The capital of France is ___
When a large model generates a new word, how do the matrices inside the model change?
Embedding
We start with the embedding layer. Assume one word equals one token.
Input sentence: The capital of France is ___
-> [‘The’, ‘capital’, ‘of’, ‘France’, ‘is’]
-> [464, 3361, 295, 2238, 318], which are their Token IDs
This forms a sequence of length 5.
GPT-2 is the best model for breakdowns, as other models follow similar principles.
GPT-2 has a vocabulary of 50,000 tokens, with each token mapped to a 768-dimensional vector.
This means there exists an embedding table of size [50,000, 768].
Looking up the embedding table:
- The = [0.316, 0.524,0.063, 0.481, 0.266, …]
- capital = [0.123, 0.234, 0.345, 0.456, 0.567, …]
- of = [0.432, 0.543, 0.654, 0.765, 0.876, …]
- France = [0.543, 0.654, 0.765, 0.876, 0.987, …]
- is = [0.654, 0.765, 0.876, 0.987, 0.098, …]
-> Thus, we obtain a [5, 768] matrix!
Attention
In GPT-2 small, Multi-Head Attention has 12 heads.
A key mathematical relationship: 12 * 64 = 768.
So [5, 768] == [5, 12, 64] == [5, 64] * 12
We will have three key matrices: Q, K, V. Each is [768, 768].
Let’s start with Q.
Since Q’s size is [768, 768] == [768, 12 * 64].

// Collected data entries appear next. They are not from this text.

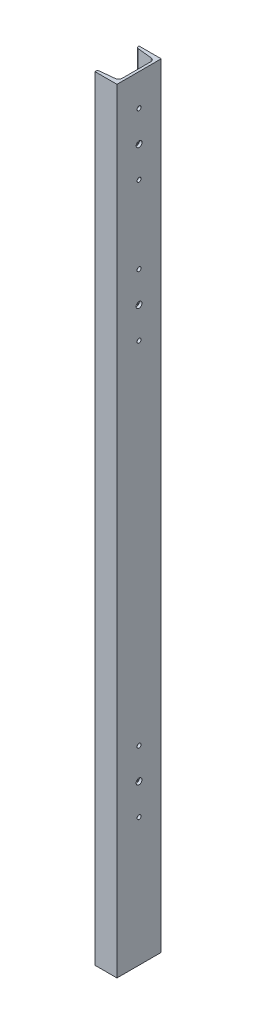
ISO-10303-21;
HEADER;
FILE_DESCRIPTION(('STEP AP214'),'2;1');
FILE_NAME('part.step','',(''),(''),'','','');
FILE_SCHEMA(('AUTOMOTIVE_DESIGN { 1 0 10303 214 1 1 1 1 }'));
ENDSEC;
DATA;
#1=APPLICATION_CONTEXT('core data for automotive mechanical design processes');
#2=APPLICATION_PROTOCOL_DEFINITION('international standard','automotive_design',2000,#1);
#3=PRODUCT_CONTEXT('',#1,'mechanical');
#4=PRODUCT('Part','Part','',(#3));
#5=PRODUCT_RELATED_PRODUCT_CATEGORY('part','',(#4));
#6=PRODUCT_DEFINITION_FORMATION('','',#4);
#7=PRODUCT_DEFINITION_CONTEXT('part definition',#1,'design');
#8=PRODUCT_DEFINITION('design','',#6,#7);
#9=PRODUCT_DEFINITION_SHAPE('','',#8);
#10=(LENGTH_UNIT() NAMED_UNIT(*) SI_UNIT(.MILLI.,.METRE.));
#11=(NAMED_UNIT(*) PLANE_ANGLE_UNIT() SI_UNIT($,.RADIAN.));
#12=(NAMED_UNIT(*) SI_UNIT($,.STERADIAN.) SOLID_ANGLE_UNIT());
#13=UNCERTAINTY_MEASURE_WITH_UNIT(LENGTH_MEASURE(1.E-05),#10,'distance_accuracy_value','');
#14=(GEOMETRIC_REPRESENTATION_CONTEXT(3) GLOBAL_UNCERTAINTY_ASSIGNED_CONTEXT((#13)) GLOBAL_UNIT_ASSIGNED_CONTEXT((#10,
#11,#12)) REPRESENTATION_CONTEXT('',''));
#15=CARTESIAN_POINT('',(0.,0.,0.));
#16=DIRECTION('',(0.,0.,1.));
#17=DIRECTION('',(1.,0.,0.));
#18=AXIS2_PLACEMENT_3D('',#15,#16,#17);
#19=CARTESIAN_POINT('',(-45.5,1750.,98.3701473289391));
#20=DIRECTION('',(0.,-1.,0.));
#21=DIRECTION('',(0.,0.,-1.));
#22=AXIS2_PLACEMENT_3D('',#19,#20,#21);
#23=CYLINDRICAL_SURFACE('',#22,4.50000000000001);
#24=CARTESIAN_POINT('',(-45.5,0.,98.3701473289391));
#25=DIRECTION('',(0.,1.,0.));
#26=DIRECTION('',(0.,0.,1.));
#27=AXIS2_PLACEMENT_3D('',#24,#25,#26);
#28=CIRCLE('',#27,4.50000000000001);
#29=CARTESIAN_POINT('',(-45.9703780847044,0.,93.8947987997819));
#30=VERTEX_POINT('',#29);
#31=CARTESIAN_POINT('',(-50.,0.,98.3701473289391));
#32=VERTEX_POINT('',#31);
#33=EDGE_CURVE('E214',#30,#32,#28,.T.);
#34=ORIENTED_EDGE('',*,*,#33,.T.);
#35=DIRECTION('',(0.,-1.,0.));
#36=VECTOR('',#35,1.);
#37=CARTESIAN_POINT('',(-50.,1750.,98.3701473289391));
#38=LINE('',#37,#36);
#39=CARTESIAN_POINT('',(-50.,1750.,98.3701473289391));
#40=VERTEX_POINT('',#39);
#41=EDGE_CURVE('E13',#40,#32,#38,.T.);
#42=ORIENTED_EDGE('',*,*,#41,.F.);
#43=CARTESIAN_POINT('',(-45.5,1750.,98.3701473289391));
#44=DIRECTION('',(0.,1.,0.));
#45=DIRECTION('',(0.,0.,1.));
#46=AXIS2_PLACEMENT_3D('',#43,#44,#45);
#47=CIRCLE('',#46,4.50000000000001);
#48=CARTESIAN_POINT('',(-45.9703780847044,1750.,93.8947987997819));
#49=VERTEX_POINT('',#48);
#50=EDGE_CURVE('E248',#49,#40,#47,.T.);
#51=ORIENTED_EDGE('',*,*,#50,.F.);
#52=DIRECTION('',(0.,-1.,0.));
#53=VECTOR('',#52,1.);
#54=CARTESIAN_POINT('',(-45.9703780847044,1750.,93.8947987997819));
#55=LINE('',#54,#53);
#56=EDGE_CURVE('E210',#49,#30,#55,.T.);
#57=ORIENTED_EDGE('',*,*,#56,.T.);
#58=EDGE_LOOP('',(#34,#42,#51,#57));
#59=FACE_BOUND('',#58,.T.);
#60=ADVANCED_FACE('F84',(#59),#23,.T.);
#61=CARTESIAN_POINT('',(-50.,1750.,100.));
#62=DIRECTION('',(1.,0.,0.));
#63=DIRECTION('',(0.,0.,-1.));
#64=AXIS2_PLACEMENT_3D('',#61,#62,#63);
#65=PLANE('',#64);
#66=DIRECTION('',(0.,0.,1.));
#67=VECTOR('',#66,1.);
#68=CARTESIAN_POINT('',(-50.,0.,100.));
#69=LINE('',#68,#67);
#70=CARTESIAN_POINT('',(-50.,0.,100.));
#71=VERTEX_POINT('',#70);
#72=EDGE_CURVE('E218',#32,#71,#69,.T.);
#73=ORIENTED_EDGE('',*,*,#72,.T.);
#74=DIRECTION('',(0.,-1.,0.));
#75=VECTOR('',#74,1.);
#76=CARTESIAN_POINT('',(-50.,1750.,100.));
#77=LINE('',#76,#75);
#78=CARTESIAN_POINT('',(-50.,1750.,100.));
#79=VERTEX_POINT('',#78);
#80=EDGE_CURVE('E94',#79,#71,#77,.T.);
#81=ORIENTED_EDGE('',*,*,#80,.F.);
#82=DIRECTION('',(0.,0.,1.));
#83=VECTOR('',#82,1.);
#84=CARTESIAN_POINT('',(-50.,1750.,100.));
#85=LINE('',#84,#83);
#86=EDGE_CURVE('E158',#40,#79,#85,.T.);
#87=ORIENTED_EDGE('',*,*,#86,.F.);
#88=ORIENTED_EDGE('',*,*,#41,.T.);
#89=EDGE_LOOP('',(#73,#81,#87,#88));
#90=FACE_BOUND('',#89,.T.);
#91=ADVANCED_FACE('F482',(#90),#65,.F.);
#92=CARTESIAN_POINT('',(-50.,1750.,100.));
#93=DIRECTION('',(0.,0.,-1.));
#94=DIRECTION('',(-1.,0.,0.));
#95=AXIS2_PLACEMENT_3D('',#92,#93,#94);
#96=PLANE('',#95);
#97=DIRECTION('',(1.,0.,0.));
#98=VECTOR('',#97,1.);
#99=CARTESIAN_POINT('',(-50.,0.,100.));
#100=LINE('',#99,#98);
#101=CARTESIAN_POINT('',(0.,0.,100.));
#102=VERTEX_POINT('',#101);
#103=EDGE_CURVE('E222',#71,#102,#100,.T.);
#104=ORIENTED_EDGE('',*,*,#103,.T.);
#105=DIRECTION('',(0.,-1.,0.));
#106=VECTOR('',#105,1.);
#107=CARTESIAN_POINT('',(0.,1750.,100.));
#108=LINE('',#107,#106);
#109=CARTESIAN_POINT('',(0.,1750.,100.));
#110=VERTEX_POINT('',#109);
#111=EDGE_CURVE('E275',#110,#102,#108,.T.);
#112=ORIENTED_EDGE('',*,*,#111,.F.);
#113=DIRECTION('',(1.,0.,0.));
#114=VECTOR('',#113,1.);
#115=CARTESIAN_POINT('',(-50.,1750.,100.));
#116=LINE('',#115,#114);
#117=EDGE_CURVE('E357',#79,#110,#116,.T.);
#118=ORIENTED_EDGE('',*,*,#117,.F.);
#119=ORIENTED_EDGE('',*,*,#80,.T.);
#120=EDGE_LOOP('',(#104,#112,#118,#119));
#121=FACE_BOUND('',#120,.T.);
#122=ADVANCED_FACE('F437',(#121),#96,.F.);
#123=CARTESIAN_POINT('',(0.,1750.,100.));
#124=DIRECTION('',(-1.,0.,0.));
#125=DIRECTION('',(0.,0.,1.));
#126=AXIS2_PLACEMENT_3D('',#123,#124,#125);
#127=PLANE('',#126);
#128=CARTESIAN_POINT('',(0.,1538.,50.));
#129=DIRECTION('',(1.,0.,0.));
#130=DIRECTION('',(0.,0.,-1.));
#131=AXIS2_PLACEMENT_3D('',#128,#129,#130);
#132=CIRCLE('',#131,4.59999999999994);
#133=CARTESIAN_POINT('',(0.,1538.,45.4000000000001));
#134=VERTEX_POINT('',#133);
#135=EDGE_CURVE('E326',#134,#134,#132,.T.);
#136=ORIENTED_EDGE('',*,*,#135,.F.);
#137=EDGE_LOOP('',(#136));
#138=FACE_BOUND('',#137,.T.);
#139=CARTESIAN_POINT('',(0.,1678.,50.));
#140=DIRECTION('',(1.,0.,0.));
#141=DIRECTION('',(0.,0.,-1.));
#142=AXIS2_PLACEMENT_3D('',#139,#140,#141);
#143=CIRCLE('',#142,4.59999999999994);
#144=CARTESIAN_POINT('',(0.,1678.,45.4000000000001));
#145=VERTEX_POINT('',#144);
#146=EDGE_CURVE('E311',#145,#145,#143,.T.);
#147=ORIENTED_EDGE('',*,*,#146,.F.);
#148=EDGE_LOOP('',(#147));
#149=FACE_BOUND('',#148,.T.);
#150=CARTESIAN_POINT('',(0.,1363.,50.));
#151=DIRECTION('',(1.,0.,0.));
#152=DIRECTION('',(0.,0.,-1.));
#153=AXIS2_PLACEMENT_3D('',#150,#151,#152);
#154=CIRCLE('',#153,4.59999999999994);
#155=CARTESIAN_POINT('',(0.,1363.,45.4000000000001));
#156=VERTEX_POINT('',#155);
#157=EDGE_CURVE('E307',#156,#156,#154,.T.);
#158=ORIENTED_EDGE('',*,*,#157,.F.);
#159=EDGE_LOOP('',(#158));
#160=FACE_BOUND('',#159,.T.);
#161=CARTESIAN_POINT('',(0.,1223.,50.));
#162=DIRECTION('',(1.,0.,0.));
#163=DIRECTION('',(0.,0.,-1.));
#164=AXIS2_PLACEMENT_3D('',#161,#162,#163);
#165=CIRCLE('',#164,4.59999999999994);
#166=CARTESIAN_POINT('',(0.,1223.,45.4000000000001));
#167=VERTEX_POINT('',#166);
#168=EDGE_CURVE('E303',#167,#167,#165,.T.);
#169=ORIENTED_EDGE('',*,*,#168,.F.);
#170=EDGE_LOOP('',(#169));
#171=FACE_BOUND('',#170,.T.);
#172=CARTESIAN_POINT('',(0.,430.,50.));
#173=DIRECTION('',(1.,0.,0.));
#174=DIRECTION('',(0.,0.,-1.));
#175=AXIS2_PLACEMENT_3D('',#172,#173,#174);
#176=CIRCLE('',#175,4.59999999999999);
#177=CARTESIAN_POINT('',(0.,430.,45.4));
#178=VERTEX_POINT('',#177);
#179=EDGE_CURVE('E298',#178,#178,#176,.T.);
#180=ORIENTED_EDGE('',*,*,#179,.F.);
#181=EDGE_LOOP('',(#180));
#182=FACE_BOUND('',#181,.T.);
#183=CARTESIAN_POINT('',(0.,290.,50.));
#184=DIRECTION('',(1.,0.,0.));
#185=DIRECTION('',(0.,0.,-1.));
#186=AXIS2_PLACEMENT_3D('',#183,#184,#185);
#187=CIRCLE('',#186,4.59999999999999);
#188=CARTESIAN_POINT('',(0.,290.,45.4));
#189=VERTEX_POINT('',#188);
#190=EDGE_CURVE('E297',#189,#189,#187,.T.);
#191=ORIENTED_EDGE('',*,*,#190,.F.);
#192=EDGE_LOOP('',(#191));
#193=FACE_BOUND('',#192,.T.);
#194=CARTESIAN_POINT('',(0.,1608.,50.));
#195=DIRECTION('',(1.,0.,0.));
#196=DIRECTION('',(0.,0.,-1.));
#197=AXIS2_PLACEMENT_3D('',#194,#195,#196);
#198=CIRCLE('',#197,6.59999999999994);
#199=CARTESIAN_POINT('',(0.,1608.,43.4000000000001));
#200=VERTEX_POINT('',#199);
#201=EDGE_CURVE('E292',#200,#200,#198,.T.);
#202=ORIENTED_EDGE('',*,*,#201,.F.);
#203=EDGE_LOOP('',(#202));
#204=FACE_BOUND('',#203,.T.);
#205=CARTESIAN_POINT('',(0.,1293.,50.));
#206=DIRECTION('',(1.,0.,0.));
#207=DIRECTION('',(0.,0.,-1.));
#208=AXIS2_PLACEMENT_3D('',#205,#206,#207);
#209=CIRCLE('',#208,6.59999999999994);
#210=CARTESIAN_POINT('',(0.,1293.,43.4000000000001));
#211=VERTEX_POINT('',#210);
#212=EDGE_CURVE('E287',#211,#211,#209,.T.);
#213=ORIENTED_EDGE('',*,*,#212,.F.);
#214=EDGE_LOOP('',(#213));
#215=FACE_BOUND('',#214,.T.);
#216=CARTESIAN_POINT('',(0.,360.,50.));
#217=DIRECTION('',(1.,0.,0.));
#218=DIRECTION('',(0.,0.,-1.));
#219=AXIS2_PLACEMENT_3D('',#216,#217,#218);
#220=CIRCLE('',#219,6.59999999999999);
#221=CARTESIAN_POINT('',(0.,360.,43.4));
#222=VERTEX_POINT('',#221);
#223=EDGE_CURVE('E286',#222,#222,#220,.T.);
#224=ORIENTED_EDGE('',*,*,#223,.F.);
#225=EDGE_LOOP('',(#224));
#226=FACE_BOUND('',#225,.T.);
#227=DIRECTION('',(0.,0.,-1.));
#228=VECTOR('',#227,1.);
#229=CARTESIAN_POINT('',(0.,0.,100.));
#230=LINE('',#229,#228);
#231=CARTESIAN_POINT('',(0.,0.,0.));
#232=VERTEX_POINT('',#231);
#233=EDGE_CURVE('E224',#102,#232,#230,.T.);
#234=ORIENTED_EDGE('',*,*,#233,.T.);
#235=DIRECTION('',(0.,-1.,0.));
#236=VECTOR('',#235,1.);
#237=CARTESIAN_POINT('',(0.,1750.,0.));
#238=LINE('',#237,#236);
#239=CARTESIAN_POINT('',(0.,1750.,0.));
#240=VERTEX_POINT('',#239);
#241=EDGE_CURVE('E271',#240,#232,#238,.T.);
#242=ORIENTED_EDGE('',*,*,#241,.F.);
#243=DIRECTION('',(0.,0.,-1.));
#244=VECTOR('',#243,1.);
#245=CARTESIAN_POINT('',(0.,1750.,100.));
#246=LINE('',#245,#244);
#247=EDGE_CURVE('E360',#110,#240,#246,.T.);
#248=ORIENTED_EDGE('',*,*,#247,.F.);
#249=ORIENTED_EDGE('',*,*,#111,.T.);
#250=EDGE_LOOP('',(#234,#242,#248,#249));
#251=FACE_BOUND('',#250,.T.);
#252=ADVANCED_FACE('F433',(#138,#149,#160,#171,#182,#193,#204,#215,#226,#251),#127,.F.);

We split one of the 768 into 12 heads, each of which is [768, 64].
Q one head = [5, 768] * [768, 64] = [5, 64]
Q = 12 heads = [5, 64] + [5, 64] + … + [5, 64] = [5, 12 * 64] = [5, 768]
K and V are the same.
K = [5, 768]
V = [5, 768]
Here’s the most important attention formula:
Q = [5, 768]
K^T = [768, 5]
QK^T = [5, 5]
Softmax(QK^T/√d) = [5, 5]
Softmax(QK^T/√d) * V = [5, 768]
We also have an output projection matrix = [768, 768], which does not change the size of V.
Output projection(A) = [5, 768] * [768, 768] = [5, 768]
This is still [5, 768].
Multi-Layer Perceptron (MLP)
Attention output = [5, 768]
MLP has two layers: one expands [768 × 3072] and one contracts [3072 × 768]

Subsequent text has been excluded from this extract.